Never pass up a chance to sit down or relieve yourself. -old Apache saying

Saturday, September 14, 2013

London - Day 8

Friday, 13 September, 2013

Ah, another lazy morning on vacation.  Coffee, scrambled eggs for breakfast at the flat, watch a little BBC-TV, and a simple lunch/snack of brochettes, olives and fruit. 

Early this week, using my logical mind, I figured that since Friday the 13th was fast approaching, we should go visit a cemetery.  But in the daytime, not at night.  I'm not a madman.

Highgate Cemetery, in north London, is divided into two parts: East and West.  It is one of the original seven cemeteries built in a ring around London.  

They charge 7 GBP for the West portion, and it is only viewable by tour.  Only one tour per day weekdays; several times on the weekends.  The East portion costs only 3 GBP and you can roam freely, but it's no charge if you've taken the West tour.

We had to book tickets in advance online, as touring cemeteries appears to be a pretty popular pastime round hyar.

I had plotted a course using the TfL website, and it didn't appear to be all that hard, so we caught the Marylebone eastbound, exited Baker Street, and then walked along Marylebone Road until we found Albany Street, on which we could catch a bus northbound.  Only, we couldn't find Albany Street.

When it became apparent that we had gone too far and the clock was ticking, we hailed a London Black Cab to take us directly to the cemetery gate.  Good thing too, as we discovered that where the bus would have left us out, we would have had a long hike up a rather steep hill to the cemetery.  This way, the taxi took us right to the gate.  Was it worth 20 GBP?  Hell yeah.


They take only 16 people at a time on the tour which lasts about an hour.  It was very interesting, and quiet.  Far away from the honking cars and rumbling trucks, it was very peaceful at Highgate.  

Peter Knight was our Tour Guide

Some people take the afterlife rather seriously.  Like this Julius Beer fellow.  Spent over 5000 GBP in the 1880's, which equals 2 or 3 million pounds in todays dollars. 


This is a piece on the outside of the Beer Mausoleum.

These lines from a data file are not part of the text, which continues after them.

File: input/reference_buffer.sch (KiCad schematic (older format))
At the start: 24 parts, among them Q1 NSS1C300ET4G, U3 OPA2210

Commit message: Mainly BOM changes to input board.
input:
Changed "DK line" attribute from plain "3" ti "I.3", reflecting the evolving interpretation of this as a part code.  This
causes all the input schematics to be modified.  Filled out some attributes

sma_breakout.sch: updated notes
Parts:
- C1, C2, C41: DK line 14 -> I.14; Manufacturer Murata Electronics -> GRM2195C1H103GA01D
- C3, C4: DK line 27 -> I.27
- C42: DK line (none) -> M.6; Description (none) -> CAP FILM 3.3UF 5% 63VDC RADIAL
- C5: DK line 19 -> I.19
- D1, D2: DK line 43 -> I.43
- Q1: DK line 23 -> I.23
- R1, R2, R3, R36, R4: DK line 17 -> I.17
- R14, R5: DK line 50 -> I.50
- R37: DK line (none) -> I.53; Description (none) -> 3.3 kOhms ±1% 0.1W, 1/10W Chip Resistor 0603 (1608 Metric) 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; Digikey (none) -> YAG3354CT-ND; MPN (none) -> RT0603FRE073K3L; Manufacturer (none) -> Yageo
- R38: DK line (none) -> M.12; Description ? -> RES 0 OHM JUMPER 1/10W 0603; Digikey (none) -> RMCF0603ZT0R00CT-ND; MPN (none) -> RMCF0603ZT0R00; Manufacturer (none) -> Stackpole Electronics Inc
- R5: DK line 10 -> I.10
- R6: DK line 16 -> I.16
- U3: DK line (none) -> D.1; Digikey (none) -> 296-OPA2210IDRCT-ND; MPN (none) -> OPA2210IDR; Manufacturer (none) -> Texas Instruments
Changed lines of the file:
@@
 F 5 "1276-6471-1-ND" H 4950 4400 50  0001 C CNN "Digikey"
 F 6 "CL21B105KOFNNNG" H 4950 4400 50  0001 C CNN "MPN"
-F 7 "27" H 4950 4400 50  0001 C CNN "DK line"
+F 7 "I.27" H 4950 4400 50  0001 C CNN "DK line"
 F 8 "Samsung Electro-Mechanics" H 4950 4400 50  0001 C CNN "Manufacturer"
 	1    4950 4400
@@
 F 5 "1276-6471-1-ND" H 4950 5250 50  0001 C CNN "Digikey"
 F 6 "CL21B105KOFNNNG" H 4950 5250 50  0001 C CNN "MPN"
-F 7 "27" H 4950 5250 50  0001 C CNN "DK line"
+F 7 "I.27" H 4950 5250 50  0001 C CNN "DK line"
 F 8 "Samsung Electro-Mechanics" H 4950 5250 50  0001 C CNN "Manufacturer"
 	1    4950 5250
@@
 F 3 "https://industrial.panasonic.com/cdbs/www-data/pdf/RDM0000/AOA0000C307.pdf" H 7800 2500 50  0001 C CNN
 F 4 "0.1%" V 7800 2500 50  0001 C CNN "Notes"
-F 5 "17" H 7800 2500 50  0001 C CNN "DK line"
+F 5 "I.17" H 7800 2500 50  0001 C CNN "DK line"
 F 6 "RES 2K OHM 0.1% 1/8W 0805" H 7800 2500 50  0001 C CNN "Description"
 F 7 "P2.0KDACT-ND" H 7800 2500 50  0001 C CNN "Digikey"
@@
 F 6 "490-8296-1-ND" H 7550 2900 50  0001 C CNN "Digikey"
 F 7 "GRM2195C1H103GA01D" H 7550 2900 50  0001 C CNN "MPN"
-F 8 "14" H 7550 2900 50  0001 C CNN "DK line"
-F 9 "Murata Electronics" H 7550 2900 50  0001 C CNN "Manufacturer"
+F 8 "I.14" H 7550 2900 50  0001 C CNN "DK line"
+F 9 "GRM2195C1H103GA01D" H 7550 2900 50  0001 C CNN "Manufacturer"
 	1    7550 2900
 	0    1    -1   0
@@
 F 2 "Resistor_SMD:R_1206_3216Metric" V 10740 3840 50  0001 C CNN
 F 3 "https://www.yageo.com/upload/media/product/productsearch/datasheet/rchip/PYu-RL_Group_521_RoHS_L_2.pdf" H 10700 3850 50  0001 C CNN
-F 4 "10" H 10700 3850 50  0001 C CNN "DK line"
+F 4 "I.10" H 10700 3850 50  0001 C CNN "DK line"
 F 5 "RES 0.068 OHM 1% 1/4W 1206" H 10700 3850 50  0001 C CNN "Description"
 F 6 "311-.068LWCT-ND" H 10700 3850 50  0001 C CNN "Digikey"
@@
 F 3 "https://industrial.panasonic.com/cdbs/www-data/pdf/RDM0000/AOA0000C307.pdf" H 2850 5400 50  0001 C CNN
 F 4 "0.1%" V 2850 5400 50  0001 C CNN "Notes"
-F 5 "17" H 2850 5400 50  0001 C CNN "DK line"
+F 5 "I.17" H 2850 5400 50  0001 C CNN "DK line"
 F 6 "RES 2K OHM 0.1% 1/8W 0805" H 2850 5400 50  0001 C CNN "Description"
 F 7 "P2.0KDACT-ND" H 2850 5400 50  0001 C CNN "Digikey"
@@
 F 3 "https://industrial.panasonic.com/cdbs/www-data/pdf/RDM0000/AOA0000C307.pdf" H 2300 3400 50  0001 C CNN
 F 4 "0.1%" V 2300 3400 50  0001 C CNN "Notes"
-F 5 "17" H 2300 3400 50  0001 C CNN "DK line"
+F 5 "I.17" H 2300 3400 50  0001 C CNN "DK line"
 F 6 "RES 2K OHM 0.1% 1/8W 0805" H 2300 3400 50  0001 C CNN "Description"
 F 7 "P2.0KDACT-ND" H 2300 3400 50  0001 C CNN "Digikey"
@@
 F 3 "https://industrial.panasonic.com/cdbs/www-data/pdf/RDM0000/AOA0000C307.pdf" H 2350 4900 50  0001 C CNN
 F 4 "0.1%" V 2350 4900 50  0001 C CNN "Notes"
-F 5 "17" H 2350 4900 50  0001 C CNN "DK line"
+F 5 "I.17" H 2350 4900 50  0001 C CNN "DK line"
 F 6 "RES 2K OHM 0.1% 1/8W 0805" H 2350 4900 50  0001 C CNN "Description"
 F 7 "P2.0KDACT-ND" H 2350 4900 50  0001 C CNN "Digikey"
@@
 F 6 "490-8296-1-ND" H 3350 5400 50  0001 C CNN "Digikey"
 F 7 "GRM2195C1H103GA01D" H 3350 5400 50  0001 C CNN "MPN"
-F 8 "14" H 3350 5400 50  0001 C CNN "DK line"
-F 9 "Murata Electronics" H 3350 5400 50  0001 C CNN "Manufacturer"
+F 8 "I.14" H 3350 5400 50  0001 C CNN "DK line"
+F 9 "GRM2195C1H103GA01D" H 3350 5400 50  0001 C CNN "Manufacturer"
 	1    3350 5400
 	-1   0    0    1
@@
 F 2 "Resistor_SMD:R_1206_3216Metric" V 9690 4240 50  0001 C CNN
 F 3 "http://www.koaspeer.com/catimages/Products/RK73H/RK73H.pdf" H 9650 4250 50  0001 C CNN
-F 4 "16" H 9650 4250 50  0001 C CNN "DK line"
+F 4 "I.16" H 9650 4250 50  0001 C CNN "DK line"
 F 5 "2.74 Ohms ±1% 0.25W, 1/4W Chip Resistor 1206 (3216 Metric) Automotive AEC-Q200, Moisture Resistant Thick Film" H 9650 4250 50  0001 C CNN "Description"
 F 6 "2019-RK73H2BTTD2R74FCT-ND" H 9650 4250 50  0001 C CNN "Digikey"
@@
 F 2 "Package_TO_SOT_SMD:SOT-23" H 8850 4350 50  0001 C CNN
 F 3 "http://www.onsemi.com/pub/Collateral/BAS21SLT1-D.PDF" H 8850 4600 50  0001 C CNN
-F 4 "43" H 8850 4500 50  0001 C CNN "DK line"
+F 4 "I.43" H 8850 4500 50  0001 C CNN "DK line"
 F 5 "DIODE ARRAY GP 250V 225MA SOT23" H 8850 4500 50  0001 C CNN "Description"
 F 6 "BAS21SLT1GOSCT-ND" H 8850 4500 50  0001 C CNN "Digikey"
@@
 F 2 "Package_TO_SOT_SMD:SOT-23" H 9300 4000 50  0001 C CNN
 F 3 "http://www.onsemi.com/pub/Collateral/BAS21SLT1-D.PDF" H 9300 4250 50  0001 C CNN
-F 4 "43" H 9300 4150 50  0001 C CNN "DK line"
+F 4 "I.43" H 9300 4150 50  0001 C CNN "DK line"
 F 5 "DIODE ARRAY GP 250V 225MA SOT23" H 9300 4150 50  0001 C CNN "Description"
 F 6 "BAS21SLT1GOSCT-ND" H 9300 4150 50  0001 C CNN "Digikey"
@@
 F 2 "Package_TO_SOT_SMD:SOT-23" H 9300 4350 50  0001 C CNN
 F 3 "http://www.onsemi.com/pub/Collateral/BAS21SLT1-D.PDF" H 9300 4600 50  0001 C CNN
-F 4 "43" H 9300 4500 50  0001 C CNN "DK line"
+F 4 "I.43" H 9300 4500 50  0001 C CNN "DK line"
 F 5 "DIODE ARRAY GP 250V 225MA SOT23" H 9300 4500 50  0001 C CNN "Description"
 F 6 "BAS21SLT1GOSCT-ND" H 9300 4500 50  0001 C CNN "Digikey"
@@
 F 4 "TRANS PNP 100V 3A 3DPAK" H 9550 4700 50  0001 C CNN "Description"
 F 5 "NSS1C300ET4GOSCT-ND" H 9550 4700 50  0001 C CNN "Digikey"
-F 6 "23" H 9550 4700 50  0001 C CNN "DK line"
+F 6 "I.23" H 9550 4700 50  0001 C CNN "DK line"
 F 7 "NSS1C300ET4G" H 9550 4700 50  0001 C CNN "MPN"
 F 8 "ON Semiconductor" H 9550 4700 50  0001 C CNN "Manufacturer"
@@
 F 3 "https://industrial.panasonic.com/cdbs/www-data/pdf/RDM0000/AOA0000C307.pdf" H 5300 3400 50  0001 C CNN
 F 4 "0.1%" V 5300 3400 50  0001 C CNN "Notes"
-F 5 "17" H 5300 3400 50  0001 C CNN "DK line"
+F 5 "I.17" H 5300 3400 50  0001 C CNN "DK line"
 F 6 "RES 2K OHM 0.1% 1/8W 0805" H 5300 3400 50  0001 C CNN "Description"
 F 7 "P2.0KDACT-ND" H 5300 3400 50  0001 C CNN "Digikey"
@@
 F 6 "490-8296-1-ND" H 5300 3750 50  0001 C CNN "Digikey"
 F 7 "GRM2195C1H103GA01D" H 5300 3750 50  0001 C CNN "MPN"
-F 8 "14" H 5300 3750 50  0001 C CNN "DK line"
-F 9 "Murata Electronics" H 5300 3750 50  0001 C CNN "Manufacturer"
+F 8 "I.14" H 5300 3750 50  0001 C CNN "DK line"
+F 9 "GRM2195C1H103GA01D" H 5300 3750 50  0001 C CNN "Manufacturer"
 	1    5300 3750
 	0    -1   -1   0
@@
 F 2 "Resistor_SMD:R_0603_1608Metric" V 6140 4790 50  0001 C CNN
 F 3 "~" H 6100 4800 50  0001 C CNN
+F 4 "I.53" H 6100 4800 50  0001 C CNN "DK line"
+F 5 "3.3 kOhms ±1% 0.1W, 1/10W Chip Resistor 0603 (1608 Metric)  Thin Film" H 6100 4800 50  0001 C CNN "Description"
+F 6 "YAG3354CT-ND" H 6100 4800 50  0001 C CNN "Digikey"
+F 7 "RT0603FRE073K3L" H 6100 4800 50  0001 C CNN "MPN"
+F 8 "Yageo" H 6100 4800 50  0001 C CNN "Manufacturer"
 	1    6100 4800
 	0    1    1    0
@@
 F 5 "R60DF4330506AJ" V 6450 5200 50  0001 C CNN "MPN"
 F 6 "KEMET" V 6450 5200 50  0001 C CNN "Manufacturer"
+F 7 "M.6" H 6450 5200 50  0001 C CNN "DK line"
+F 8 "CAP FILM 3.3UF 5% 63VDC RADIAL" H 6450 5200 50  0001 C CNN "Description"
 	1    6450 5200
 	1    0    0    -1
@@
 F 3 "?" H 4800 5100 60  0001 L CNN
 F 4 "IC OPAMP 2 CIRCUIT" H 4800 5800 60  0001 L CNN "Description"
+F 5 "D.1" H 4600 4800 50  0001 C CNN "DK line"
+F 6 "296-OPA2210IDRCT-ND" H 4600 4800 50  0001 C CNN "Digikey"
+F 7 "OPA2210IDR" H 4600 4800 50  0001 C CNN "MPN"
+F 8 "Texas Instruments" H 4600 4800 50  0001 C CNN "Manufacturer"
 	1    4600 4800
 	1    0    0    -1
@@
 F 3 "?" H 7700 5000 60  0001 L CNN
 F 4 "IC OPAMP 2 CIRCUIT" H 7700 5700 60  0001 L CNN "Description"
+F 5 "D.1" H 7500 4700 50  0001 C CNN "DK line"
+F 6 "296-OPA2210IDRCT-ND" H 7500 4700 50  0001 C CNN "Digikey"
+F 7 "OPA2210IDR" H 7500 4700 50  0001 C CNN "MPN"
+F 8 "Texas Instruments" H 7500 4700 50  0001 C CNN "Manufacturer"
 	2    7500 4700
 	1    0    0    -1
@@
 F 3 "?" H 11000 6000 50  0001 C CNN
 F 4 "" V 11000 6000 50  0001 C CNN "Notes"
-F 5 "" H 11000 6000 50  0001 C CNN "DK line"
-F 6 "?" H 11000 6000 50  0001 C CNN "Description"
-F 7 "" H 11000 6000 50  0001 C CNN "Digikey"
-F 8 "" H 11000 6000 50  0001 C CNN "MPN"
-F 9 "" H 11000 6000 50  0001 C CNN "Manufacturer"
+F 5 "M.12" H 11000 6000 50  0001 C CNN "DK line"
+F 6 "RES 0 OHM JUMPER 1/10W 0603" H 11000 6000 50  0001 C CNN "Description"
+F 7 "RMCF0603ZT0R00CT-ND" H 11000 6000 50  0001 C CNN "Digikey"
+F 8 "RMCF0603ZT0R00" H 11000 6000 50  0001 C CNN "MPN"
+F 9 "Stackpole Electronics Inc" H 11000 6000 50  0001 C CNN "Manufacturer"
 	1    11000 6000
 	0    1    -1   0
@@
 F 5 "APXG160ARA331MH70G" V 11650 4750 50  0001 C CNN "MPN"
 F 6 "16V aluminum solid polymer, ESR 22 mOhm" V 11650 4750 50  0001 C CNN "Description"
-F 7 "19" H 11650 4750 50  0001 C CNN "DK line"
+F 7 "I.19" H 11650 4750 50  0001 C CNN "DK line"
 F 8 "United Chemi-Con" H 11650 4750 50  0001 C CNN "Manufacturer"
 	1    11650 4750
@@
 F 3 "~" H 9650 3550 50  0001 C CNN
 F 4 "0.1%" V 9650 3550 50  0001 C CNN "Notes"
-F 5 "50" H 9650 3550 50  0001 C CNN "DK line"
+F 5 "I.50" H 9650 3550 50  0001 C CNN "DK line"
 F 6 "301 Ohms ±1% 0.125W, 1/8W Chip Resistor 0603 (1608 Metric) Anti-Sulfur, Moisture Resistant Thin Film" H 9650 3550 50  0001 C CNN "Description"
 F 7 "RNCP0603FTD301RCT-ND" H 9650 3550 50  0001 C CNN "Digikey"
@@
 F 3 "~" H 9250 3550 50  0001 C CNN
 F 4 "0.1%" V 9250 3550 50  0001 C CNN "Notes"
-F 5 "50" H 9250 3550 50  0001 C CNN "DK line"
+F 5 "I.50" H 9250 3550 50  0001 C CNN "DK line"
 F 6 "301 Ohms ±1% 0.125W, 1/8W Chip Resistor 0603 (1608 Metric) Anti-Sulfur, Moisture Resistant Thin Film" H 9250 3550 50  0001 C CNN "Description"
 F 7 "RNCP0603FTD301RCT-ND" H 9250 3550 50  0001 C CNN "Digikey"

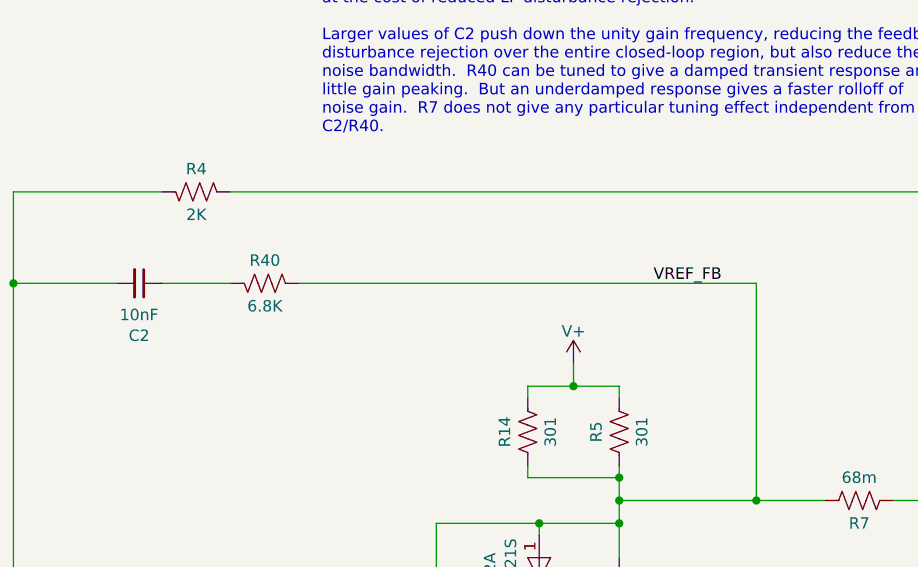
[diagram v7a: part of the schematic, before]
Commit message: Input board R1 being sent to fab.  Changes related to BOM reconciliation with the Digikey BOM.  This includes a couple of fixes to the footprint which affected the layout, as well as a couple changes to series connect resistors to avoid a new unique part.
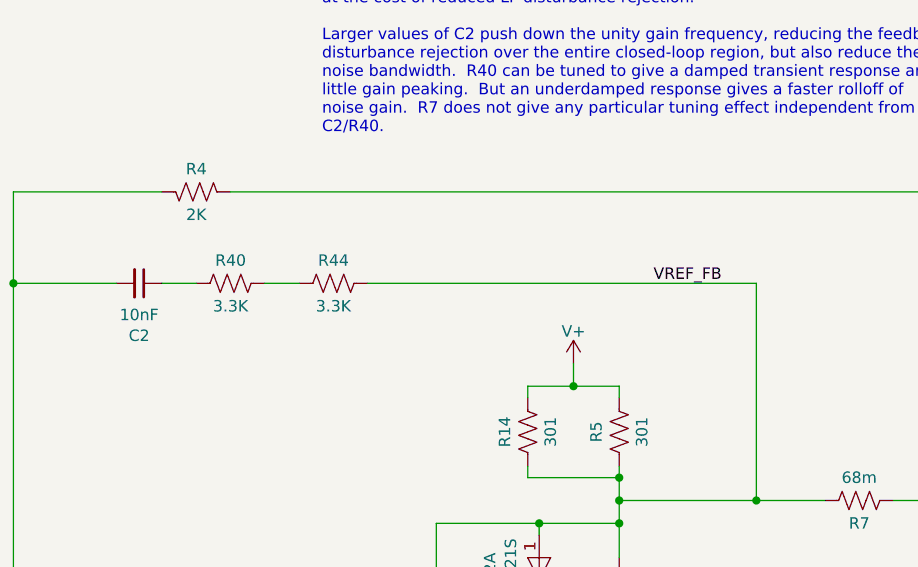
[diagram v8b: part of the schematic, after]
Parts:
- added R44: 3.3K, Resistor_SMD:R_0603_1608Metric, symbol Device:R_US
- C1, C2, C41: Manufacturer GRM2195C1H103GA01D -> Murata Electronics
- R1, R2, R3, R36, R4: footprint Resistor_SMD:R_0603_1608Metric -> Resistor_SMD:R_0805_2012Metric
- R14, R5: footprint Resistor_SMD:R_0805_2012Metric -> Resistor_SMD:R_0603_1608Metric; Notes 0.1% -> (none)
- R40: value 6.8K -> 3.3K; DK line (none) -> I.53; Description (none) -> 3.3 kOhms ±1% 0.1W, 1/10W Chip Resistor 0603 (1608 Metric) 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; Digikey (none) -> YAG3354CT-ND; MPN (none) -> RT0603FRE073K3L; Manufacturer (none) -> Yageo
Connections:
- net VREF_FB: now also R44.2; no longer R40.1
- net at C2.1: now also R40.1; no longer R40.2
- new net: R40.2, R44.1
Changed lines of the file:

An Angel Raising up a Young Girl (Ada Beer), by Henry​ Hugh​ Armstead (1828-1905). c.1878. ​ Carrarra marble.​​ The Beer Mausoleum, Highgate (Western) Cemetery, Swain's Lane, Highgate, London N6.
The centrepiece of Julius Beer's unusual and impressive family mausoleum, located high up in a key position in the Western Cemetery, is a moving relief by Armstead showing a little girl being raised up by an angel. The child represented here was Beer's daughter Ada, who had died in 1875 at the age of eight. ​​This sculptor's work is ​ often seen as heralding the New Sculpture​, and this is a lovely example of his graceful style and evocative touch. A sketch for the monument in the Royal Academy suggests that at first he had the child's mother in mind as a model for the angel ("Henry Hugh Armstead").​


There is some fabulous work in this cemetery.  They closed it for 17 years around 1975 and when they reopened it, the foliage had claimed almost everything.  They are still digging it out.



After the tour we walked across the road to the East portion of the cemetery and made a beeline to Douglas Adams' grave.  


Karl Marx' grave is quite popular here.



Lots of freethinkers and communists here in the cemetery.  They die too.




There were some sweet memorials here and there. 



Haven't seen so many crosses since, well, ever.


It's rather funny to think about how earlier people used to think about what happens after we die.   The ancient Egyptians.  The Romans.  The Greeks.  The Hindus.  The Scientologists.  The Mormons.  The Catholics.  

Life can be so short, and so brutal, surely there must be something better?  No, fraid not.  Enjoy it while you can, kids, because this is it.  Only one ride per customer.

We wandered around the cemetery for awhile and it rained on and off.  

We were both pretty hungry by now.  Nothing like dead people to work up an appetite, so we walked to the very top of the hill on Swain's Lane to Highgate Village.  There, we found a nice-looking Italian-food restaurant with some outdoor seating:  Strada.


We split a Margherita pizza between us and had a couple of Peroni beers apiece.  A little bit of heaven.

I suppose we could have caught a bus back down Highgate Road, but we walked instead, and by the time we reached the Archway Underground Tube stop, our calves were screaming!  Walking downhill is harder than I remember!

Back to the Marylebone area and we stopped into Tesco again for some dinner.  It's Friday, so the wife, being an ex-Catholic, thought she'd like to cook a steak.  So we bought the best cut of meat we could find in Tesco (not top of the line), some broccoli and green beans, and she whipped up a delicious dinner with the rudimentary tools back at the flat.  

So we tripped the smoke alarm.  Big deal.  If you can't take a little smoke, stay out of the kitchen.

Geez, we got the flat so we could cook breakfast and maybe lunch, but now she's cooking dinner too!  And I am NOT complaining!

Another great day in London, even with all the rain.  And ghosts, which I do not believe in.